Abseits der unverbindlichen Empfehlungen der Programmkommission, die offenbar hauptsächlich dazu dienen sollen, enttäusche Linke Anhänger des Sozialisten Sanders zur Wahl Bidens zu bewegen, scheint der geistig rasch abbauende Kandidat des neoliberalen Parteiestablishments durchaus Wort zu halten - und die Kontinuität neoliberaler Wirtschafts- und Sozialpolitik anzuvisieren.
Es gebe im Papier der "Unity Task Force" keinerlei Erwähnung von einer öffentlichen Gesundheitsversorgung, einer kostenlosen Hochschulbildung oder des Green New Deal, stellten US-Wirtschaftsmedien nüchtern fest, die im Gegensatz zur liberalen New York Times der Ansicht waren, dass Biden die progressive Agenda von Bernie Sanders "größtenteils vermeiden" konnte.
Der Abgrund zwischen Biden und Sanders wird gerade bei der Steuerpolitik evident: Der Höchststeuersatz für Privathaushalte soll nach den Plänen des Establishment-Kandidaten gerade mal von 37 auf 39,6 Prozent ansteigen, während der Sozialist Sanders die US-Oligarchie nach Dekaden neoliberaler Steuersenkungen mit einem Spitzensteuersatz von 97,5 Prozent endlich zur Kasse bitten wollte. Hier würde einfach nur der neoliberale Stand der Dinge vor der Machtübernahme durch Trump wiederhergestellt.

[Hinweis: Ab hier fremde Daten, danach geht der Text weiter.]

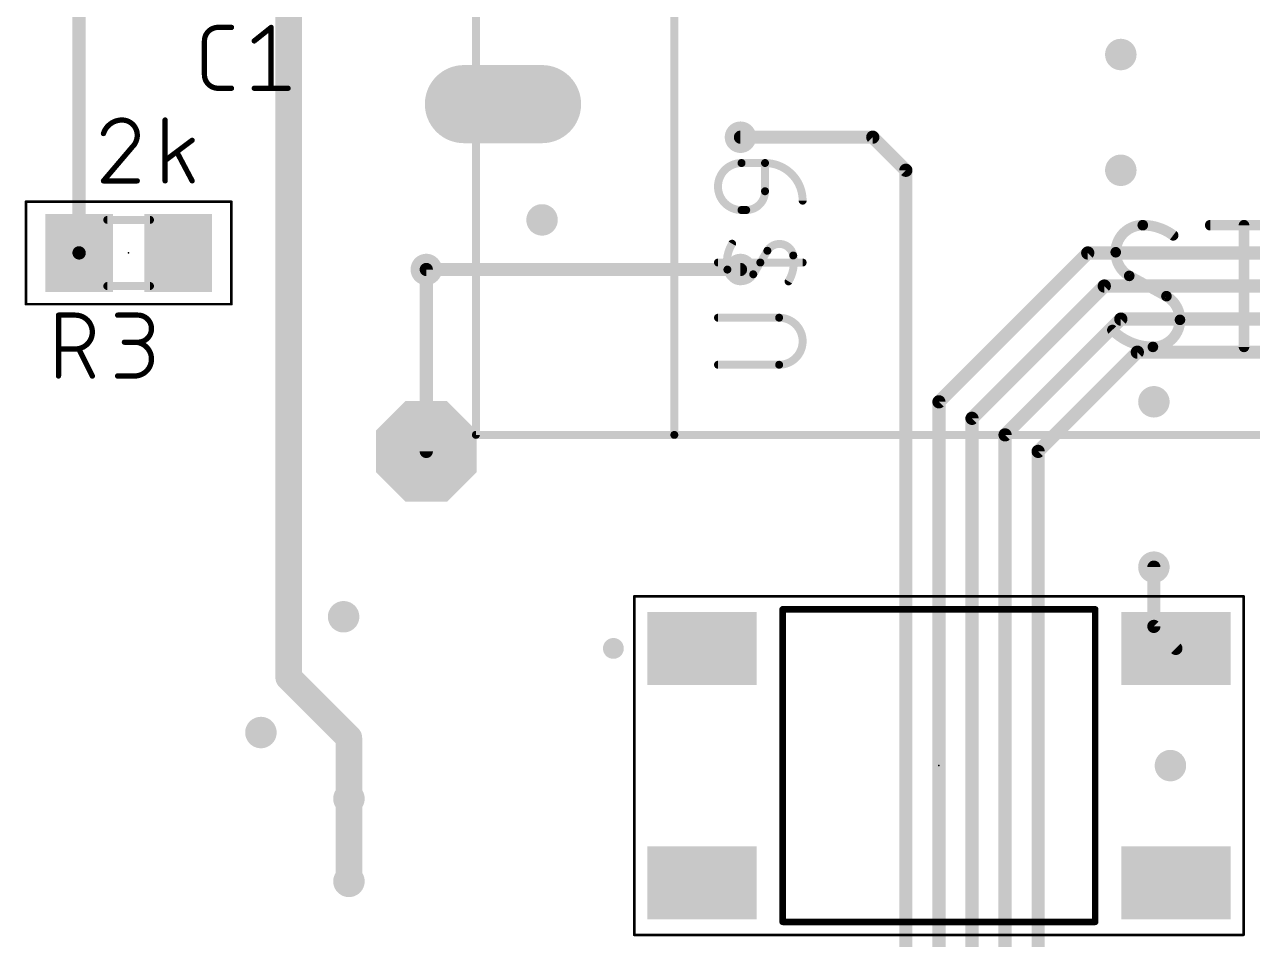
# Model space of a CAD drawing. Extents: x -1.91 to 1.91, y -2.61 to 1.61.
# Drawn here: x -1.016 to -0.088, y -0.431 to 0.26 of the extents above; entities that cross this region are included whole.
import ezdxf

# ---------------------------------------------------------------- set-up
doc = ezdxf.new("R2010")
doc.units = 0
for name, color, linetype in [('1', 22, 'CONTINUOUS'), ('17', 82, 'CONTINUOUS'), ('18', 82, 'CONTINUOUS'), ('21', 253, 'CONTINUOUS'), ('23', 7, 'CONTINUOUS'), ('25', 253, 'CONTINUOUS'), ('39', 22, 'CONTINUOUS'), ('51', 253, 'CONTINUOUS')]:
    doc.layers.add(name, color=color, linetype=linetype)

# ---------------------------------------------------------------- blocks, each defined once
blk = doc.blocks.new('OCTAGONP')
at = {"const_width": 0.5}
blk.add_lwpolyline([(-0.25, -0.103553), (-0.25, 0.103553), (-0.103553, 0.25), (0.103553, 0.25), (0.25, 0.103553), (0.25, -0.103553), (0.103553, -0.25), (-0.103553, -0.25), (-0.25, -0.103553), (-0.25, 0.103553)], dxfattribs=at)
blk = doc.blocks.new('RECT')
blk.add_solid([(-0.5, -0.5), (0.5, -0.5), (-0.5, 0.5), (0.5, 0.5)])
blk = doc.blocks.new('OFFSETP100')
at = {"const_width": 1}
blk.add_lwpolyline([(0, 0), (1, 0)], dxfattribs=at)
at = {"const_width": 0.5}
for points in [[(0, 0.25, 1), (0, -0.25)], [(1, -0.25, 1), (1, 0.25)]]:
    blk.add_lwpolyline(points, format="xyb", dxfattribs=at)
blk = doc.blocks.new('ROUNDV')
at = {"const_width": 0.5}
blk.add_lwpolyline([(0, -0.25, 1), (0, 0.25, 1), (0, -0.25)], format="xyb", dxfattribs=at)

msp = doc.modelspace()

# ---------------------------------------------------------------- linework, layer by layer
at = {"layer": '1'}
for points, const_width in [([(-0.975, 0.087598), (-0.975, 0.525)], 0.01), ([(-0.816535, 0.3), (-0.816535, -0.233465)], 0.02), ([(-0.375, 0.175), (-0.475, 0.175)], 0.01), ([(-0.35, 0.15), (-0.375, 0.175)], 0.01), ([(-0.35, -0.5), (-0.35, 0.15)], 0.01), ([(-0.974902, 0.0875), (-0.975, 0.087598)], 0.01), ([(-0.2125, 0.0875), (-0.325, -0.025)], 0.01), ([(0.15, 0.0875), (-0.2125, 0.0875)], 0.01), ([(-0.475, 0.075), (-0.7125, 0.075)], 0.01), ([(-0.7125, 0.075), (-0.7125, -0.0625)], 0.01), ([(-0.3, -0.0375), (-0.2, 0.0625)], 0.01), ([(-0.2, 0.0625), (0.1875, 0.0625)], 0.01), ([(-0.1875, 0.0375), (-0.275, -0.05)], 0.01), ([(0.1625, 0.0375), (-0.1875, 0.0375)], 0.01), ([(-0.25, -0.0625), (-0.175, 0.0125)], 0.01), ([(-0.175, 0.0125), (0.15, 0.0125)], 0.01), ([(-0.325, -0.025), (-0.325, -0.5125)], 0.01), ([(-0.3, -0.525), (-0.3, -0.0375)], 0.01), ([(-0.275, -0.05), (-0.275, -0.5375)], 0.01), ([(-0.25, -0.55), (-0.25, -0.0625)], 0.01), ([(-0.1625, -0.15), (-0.1625, -0.194783)], 0.01), ([(-0.1625, -0.194783), (-0.145866, -0.211417)], 0.01), ([(-0.816535, -0.233465), (-0.770965, -0.279035)], 0.02), ([(-0.770965, -0.279035), (-0.770965, -0.325)], 0.02), ([(-0.770965, -0.325), (-0.770965, -0.3875)], 0.02)]:
    msp.add_lwpolyline(points, dxfattribs=dict(at, const_width=const_width))
for points, const_width in [([(-0.475, 0.1775, 1), (-0.475, 0.1725)], 0.005), ([(-0.373232, 0.176768, 1), (-0.376768, 0.173232)], 0.005), ([(-0.375, 0.1725, 1), (-0.375, 0.1775)], 0.005), ([(-0.3475, 0.15, 1), (-0.3525, 0.15)], 0.005), ([(-0.351768, 0.148232, 1), (-0.348232, 0.151768)], 0.005), ([(-0.973232, 0.089366, 1), (-0.976768, 0.085831)], 0.005), ([(-0.9775, 0.087598, 1), (-0.9725, 0.087598)], 0.005), ([(-0.976669, 0.085732, 1), (-0.973134, 0.089268)], 0.005), ([(-0.2125, 0.09, 1), (-0.2125, 0.085)], 0.005), ([(-0.210732, 0.085732, 1), (-0.214268, 0.089268)], 0.005), ([(-0.7125, 0.0775, 1), (-0.7125, 0.0725)], 0.005), ([(-0.71, 0.075, 1), (-0.715, 0.075)], 0.005), ([(-0.475, 0.0725, 1), (-0.475, 0.0775)], 0.005), ([(-0.2, 0.065, 1), (-0.2, 0.06)], 0.005), ([(-0.198232, 0.060732, 1), (-0.201768, 0.064268)], 0.005), ([(-0.1875, 0.04, 1), (-0.1875, 0.035)], 0.005), ([(-0.185732, 0.035732, 1), (-0.189268, 0.039268)], 0.005), ([(-0.175, 0.015, 1), (-0.175, 0.01)], 0.005), ([(-0.173232, 0.010732, 1), (-0.176768, 0.014268)], 0.005), ([(-0.3225, -0.025, 1), (-0.3275, -0.025)], 0.005), ([(-0.326768, -0.023232, 1), (-0.323232, -0.026768)], 0.005), ([(-0.2975, -0.0375, 1), (-0.3025, -0.0375)], 0.005), ([(-0.301768, -0.035732, 1), (-0.298232, -0.039268)], 0.005), ([(-0.2725, -0.05, 1), (-0.2775, -0.05)], 0.005), ([(-0.276768, -0.048232, 1), (-0.273232, -0.051768)], 0.005), ([(-0.715, -0.0625, 1), (-0.71, -0.0625)], 0.005), ([(-0.2475, -0.0625, 1), (-0.2525, -0.0625)], 0.005), ([(-0.251768, -0.060732, 1), (-0.248232, -0.064268)], 0.005), ([(-0.16, -0.15, 1), (-0.165, -0.15)], 0.005), ([(-0.160732, -0.193016, 1), (-0.164268, -0.196551)], 0.005), ([(-0.165, -0.194783, 1), (-0.16, -0.194783)], 0.005), ([(-0.147634, -0.213185, 1), (-0.144098, -0.20965)], 0.005), ([(-0.813, -0.229929, 1), (-0.820071, -0.237)], 0.01), ([(-0.821535, -0.233465, 1), (-0.811535, -0.233465)], 0.01), ([(-0.765965, -0.279035, 1), (-0.775965, -0.279035)], 0.01), ([(-0.7745, -0.282571, 1), (-0.767429, -0.2755)], 0.01), ([(-0.765965, -0.325, 1), (-0.775965, -0.325)], 0.01), ([(-0.775965, -0.325, 1), (-0.765965, -0.325)], 0.01), ([(-0.775965, -0.3875, 1), (-0.765965, -0.3875)], 0.01)]:
    msp.add_lwpolyline(points, format="xyb", dxfattribs=dict(at, const_width=const_width))
at = {"layer": '21'}
for points, const_width in [([(-0.675, -0.05), (-0.675, 1.05)], 0.006), ([(-0.525, -0.05), (-0.525, 1.05)], 0.006), ([(-0.909944, 0.142), (-0.909944, 0.188)], 0.004), ([(-0.934811, 0.167555), (-0.956533, 0.142)], 0.004), ([(-0.8895, 0.172667), (-0.909944, 0.157333)], 0.004), ([(-0.8895, 0.142), (-0.901, 0.163722)], 0.004), ([(-0.956533, 0.142), (-0.930978, 0.142)], 0.004), ([(-0.119925, 0.1085), (-0.068814, 0.1085)], 0.008), ([(-0.09437, 0.0165), (-0.09437, 0.1085)], 0.008), ([(-0.153016, 0.054833), (-0.181128, 0.070167)], 0.008), ([(-0.675, -0.05), (-0.525, -0.05)], 0.006), ([(-0.525, -0.05), (0.525, -0.05)], 0.006), ([(-0.44311, -0.18189), (-0.44311, -0.41811)], 0.005), ([(-0.20689, -0.18189), (-0.44311, -0.18189)], 0.005), ([(-0.20689, -0.41811), (-0.20689, -0.18189)], 0.005), ([(-0.44311, -0.41811), (-0.20689, -0.41811)], 0.005)]:
    msp.add_lwpolyline(points, dxfattribs=dict(at, const_width=const_width))
for points, const_width in [([(-0.942478, 0.188, 0.325189), (-0.956533, 0.177778)], 0.004), ([(-0.930978, 0.1765, 0.414214), (-0.942478, 0.188)], 0.004), ([(-0.942478, 0.189, 1), (-0.942478, 0.187)], 0.002), ([(-0.942478, 0.187, 1), (-0.942478, 0.189)], 0.002), ([(-0.908944, 0.188, 1), (-0.910944, 0.188)], 0.002), ([(-0.957485, 0.178086, 1), (-0.955582, 0.17747)], 0.002), ([(-0.934811, 0.167555, 0.205252), (-0.930978, 0.1765)], 0.004), ([(-0.929978, 0.1765, 1), (-0.931978, 0.1765)], 0.002), ([(-0.931978, 0.1765, 1), (-0.929978, 0.1765)], 0.002), ([(-0.935501, 0.16828, 1), (-0.934121, 0.166831)], 0.002), ([(-0.934049, 0.166908, 1), (-0.935573, 0.168203)], 0.002), ([(-0.8889, 0.171867, 1), (-0.8901, 0.173467)], 0.002), ([(-0.910544, 0.158133, 1), (-0.909344, 0.156533)], 0.002), ([(-0.900116, 0.16419, 1), (-0.901884, 0.163254)], 0.002), ([(-0.956533, 0.143, 1), (-0.956533, 0.141)], 0.002), ([(-0.957295, 0.142648, 1), (-0.955771, 0.141352)], 0.002), ([(-0.930978, 0.141, 1), (-0.930978, 0.143)], 0.002), ([(-0.910944, 0.142, 1), (-0.908944, 0.142)], 0.002), ([(-0.890384, 0.141532, 1), (-0.888616, 0.142468)], 0.002), ([(-0.170905, 0.1085, 0.414214), (-0.19135, 0.088055)], 0.008), ([(-0.147905, 0.100833, 0.162278), (-0.170905, 0.1085)], 0.008), ([(-0.170905, 0.1105, 1), (-0.170905, 0.1065)], 0.004), ([(-0.170905, 0.1065, 1), (-0.170905, 0.1105)], 0.004), ([(-0.119925, 0.1105, 1), (-0.119925, 0.1065)], 0.004), ([(-0.09237, 0.1085, 1), (-0.09637, 0.1085)], 0.004), ([(-0.149105, 0.099233, 1), (-0.146705, 0.102433)], 0.004), ([(-0.19135, 0.088055, 0.265563), (-0.181128, 0.070167)], 0.008), ([(-0.18935, 0.088055, 1), (-0.19335, 0.088055)], 0.004), ([(-0.19335, 0.088055, 1), (-0.18935, 0.088055)], 0.004), ([(-0.18017, 0.071922, 1), (-0.182085, 0.068411)], 0.004), ([(-0.182143, 0.068444, 1), (-0.180112, 0.07189)], 0.004), ([(-0.142794, 0.036944, 0.265568), (-0.153016, 0.054833)], 0.008), ([(-0.152001, 0.056556, 1), (-0.154032, 0.05311)], 0.004), ([(-0.153974, 0.053078, 1), (-0.152059, 0.056589)], 0.004), ([(-0.163239, 0.0165, 0.414215), (-0.142794, 0.036944)], 0.008), ([(-0.140794, 0.036944, 1), (-0.144794, 0.036944)], 0.004), ([(-0.144794, 0.036944, 1), (-0.140794, 0.036944)], 0.004), ([(-0.193905, 0.029278, 0.199996), (-0.163239, 0.0165)], 0.008), ([(-0.192485, 0.030686, 1), (-0.195325, 0.027869)], 0.004), ([(-0.163239, 0.0185, 1), (-0.163239, 0.0145)], 0.004), ([(-0.163239, 0.0145, 1), (-0.163239, 0.0185)], 0.004), ([(-0.09637, 0.0165, 1), (-0.09237, 0.0165)], 0.004), ([(-0.675, -0.0485, 1), (-0.675, -0.0515)], 0.003), ([(-0.6765, -0.05, 1), (-0.6735, -0.05)], 0.003), ([(-0.525, -0.0485, 1), (-0.525, -0.0515)], 0.003), ([(-0.5265, -0.05, 1), (-0.5235, -0.05)], 0.003), ([(-0.525, -0.0515, 1), (-0.525, -0.0485)], 0.003), ([(-0.44186, -0.18189, 1), (-0.44436, -0.18189)], 0.0025), ([(-0.44311, -0.18064, 1), (-0.44311, -0.18314)], 0.0025), ([(-0.20564, -0.18189, 1), (-0.20814, -0.18189)], 0.0025), ([(-0.20689, -0.18314, 1), (-0.20689, -0.18064)], 0.0025), ([(-0.571063, -0.215354, 1), (-0.571063, -0.20748, 1), (-0.571063, -0.215354)], 0.007874), ([(-0.44311, -0.41686, 1), (-0.44311, -0.41936)], 0.0025), ([(-0.44436, -0.41811, 1), (-0.44186, -0.41811)], 0.0025), ([(-0.20814, -0.41811, 1), (-0.20564, -0.41811)], 0.0025), ([(-0.20689, -0.41936, 1), (-0.20689, -0.41686)], 0.0025)]:
    msp.add_lwpolyline(points, format="xyb", dxfattribs=dict(at, const_width=const_width))
at = {"layer": '23'}
for p in [(-0.9375, 0.0875), (-0.325, -0.3)]:
    msp.add_point(p, dxfattribs=at)
at = {"layer": '25'}
for points, const_width in [([(-0.869964, 0.258, 0.414214), (-0.880186, 0.247778)], 0.004), ([(-0.869964, 0.259, 1), (-0.869964, 0.257)], 0.002), ([(-0.869964, 0.257, 1), (-0.869964, 0.259)], 0.002), ([(-0.859742, 0.257, 1), (-0.859742, 0.259)], 0.002), ([(-0.828778, 0.258, 1), (-0.830778, 0.258)], 0.002), ([(-0.829153, 0.257219, 1), (-0.830403, 0.258781)], 0.002), ([(-0.879186, 0.247778, 1), (-0.881186, 0.247778)], 0.002), ([(-0.881186, 0.247778, 1), (-0.879186, 0.247778)], 0.002), ([(-0.84318, 0.248559, 1), (-0.841931, 0.246997)], 0.002), ([(-0.880186, 0.222222, 0.414214), (-0.869964, 0.212)], 0.004), ([(-0.879186, 0.222222, 1), (-0.881186, 0.222222)], 0.002), ([(-0.881186, 0.222222, 1), (-0.879186, 0.222222)], 0.002), ([(-0.869964, 0.213, 1), (-0.869964, 0.211)], 0.002), ([(-0.869964, 0.211, 1), (-0.869964, 0.213)], 0.002), ([(-0.859742, 0.211, 1), (-0.859742, 0.213)], 0.002), ([(-0.842555, 0.213, 1), (-0.842555, 0.211)], 0.002), ([(-0.817, 0.211, 1), (-0.817, 0.213)], 0.002), ([(-0.830778, 0.212, 1), (-0.828778, 0.212)], 0.002), ([(-0.474222, 0.155482, 1), (-0.474222, 0.119927)], 0.006), ([(-0.474222, 0.156982, 1), (-0.474222, 0.153982)], 0.003), ([(-0.474222, 0.153982, 1), (-0.474222, 0.156982)], 0.003), ([(-0.454944, 0.155482, 1), (-0.457944, 0.155482)], 0.003), ([(-0.428, 0.127038, 0.414214), (-0.456444, 0.155482)], 0.006), ([(-0.456444, 0.156982, 1), (-0.456444, 0.153982)], 0.003), ([(-0.456444, 0.153982, 1), (-0.456444, 0.156982)], 0.003), ([(-0.470667, 0.119927, 0.414214), (-0.456444, 0.134149)], 0.006), ([(-0.454944, 0.134149, 1), (-0.457944, 0.134149)], 0.003), ([(-0.457944, 0.134149, 1), (-0.454944, 0.134149)], 0.003), ([(-0.474222, 0.121427, 1), (-0.474222, 0.118427)], 0.003), ([(-0.474222, 0.118427, 1), (-0.474222, 0.121427)], 0.003), ([(-0.470667, 0.121427, 1), (-0.470667, 0.118427)], 0.003), ([(-0.470667, 0.118427, 1), (-0.470667, 0.121427)], 0.003), ([(-0.4295, 0.127038, 1), (-0.4265, 0.127038)], 0.003), ([(-0.481333, 0.094489, 0.182256), (-0.484889, 0.074933)], 0.006), ([(-0.480047, 0.093717, 1), (-0.48262, 0.095261)], 0.003), ([(-0.435111, 0.0856, 0.691669), (-0.454667, 0.089156)], 0.006), ([(-0.455953, 0.089927, 1), (-0.45338, 0.088384)], 0.003), ([(-0.45338, 0.088384, 1), (-0.455953, 0.089927)], 0.003), ([(-0.438667, 0.066045, 0.182262), (-0.435111, 0.0856)], 0.006), ([(-0.433636, 0.08587, 1), (-0.436587, 0.08533)], 0.003), ([(-0.436586, 0.08533, 1), (-0.433635, 0.08587)], 0.003), ([(-0.492, 0.081767, 1), (-0.492, 0.078767)], 0.003), ([(-0.484889, 0.074933, 0.691679), (-0.465333, 0.071378)], 0.006), ([(-0.483413, 0.075203, 1), (-0.486364, 0.074664)], 0.003), ([(-0.486364, 0.074664, 1), (-0.483413, 0.075203)], 0.003), ([(-0.464047, 0.070606, 1), (-0.46662, 0.07215)], 0.003), ([(-0.461286, 0.081038, 1), (-0.458714, 0.079495)], 0.003), ([(-0.458714, 0.079495, 1), (-0.461286, 0.081038)], 0.003), ([(-0.428, 0.078767, 1), (-0.428, 0.081767)], 0.003), ([(-0.46662, 0.07215, 1), (-0.464047, 0.070606)], 0.003), ([(-0.439953, 0.066816, 1), (-0.43738, 0.065273)], 0.003), ([(-0.9895, 0.0405, 1), (-0.9915, 0.0405)], 0.002), ([(-0.9905, 0.0415, 1), (-0.9905, 0.0395)], 0.002), ([(-0.977722, 0.014944, 1), (-0.977722, 0.0405)], 0.004), ([(-0.977722, 0.0415, 1), (-0.977722, 0.0395)], 0.002), ([(-0.977722, 0.0395, 1), (-0.977722, 0.0415)], 0.002), ([(-0.94579, 0.0415, 1), (-0.94579, 0.0395)], 0.002), ([(-0.930457, 0.020055, 1), (-0.930457, 0.0405)], 0.004), ([(-0.930457, 0.0415, 1), (-0.930457, 0.0395)], 0.002), ([(-0.930457, 0.0395, 1), (-0.930457, 0.0415)], 0.002), ([(-0.492, 0.040055, 1), (-0.492, 0.037055)], 0.003), ([(-0.445778, 0.003, 1), (-0.445778, 0.038555)], 0.006), ([(-0.445778, 0.040055, 1), (-0.445778, 0.037055)], 0.003), ([(-0.445778, 0.037055, 1), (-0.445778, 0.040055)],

Bei den Unternehmenssteuern soll der Streusatz nach den Plänen des demokratischen Präsidentschaftsbewerbers von 21 Prozent auf 28 Prozent angehoben werden. Das würde aber bedeuteten, dass hier nicht mal die durch Trump erlassenen Steuersenkungen revidiert würden, der diese Steuer 2018 von 35 Prozent aus 21 Prozent absenkte.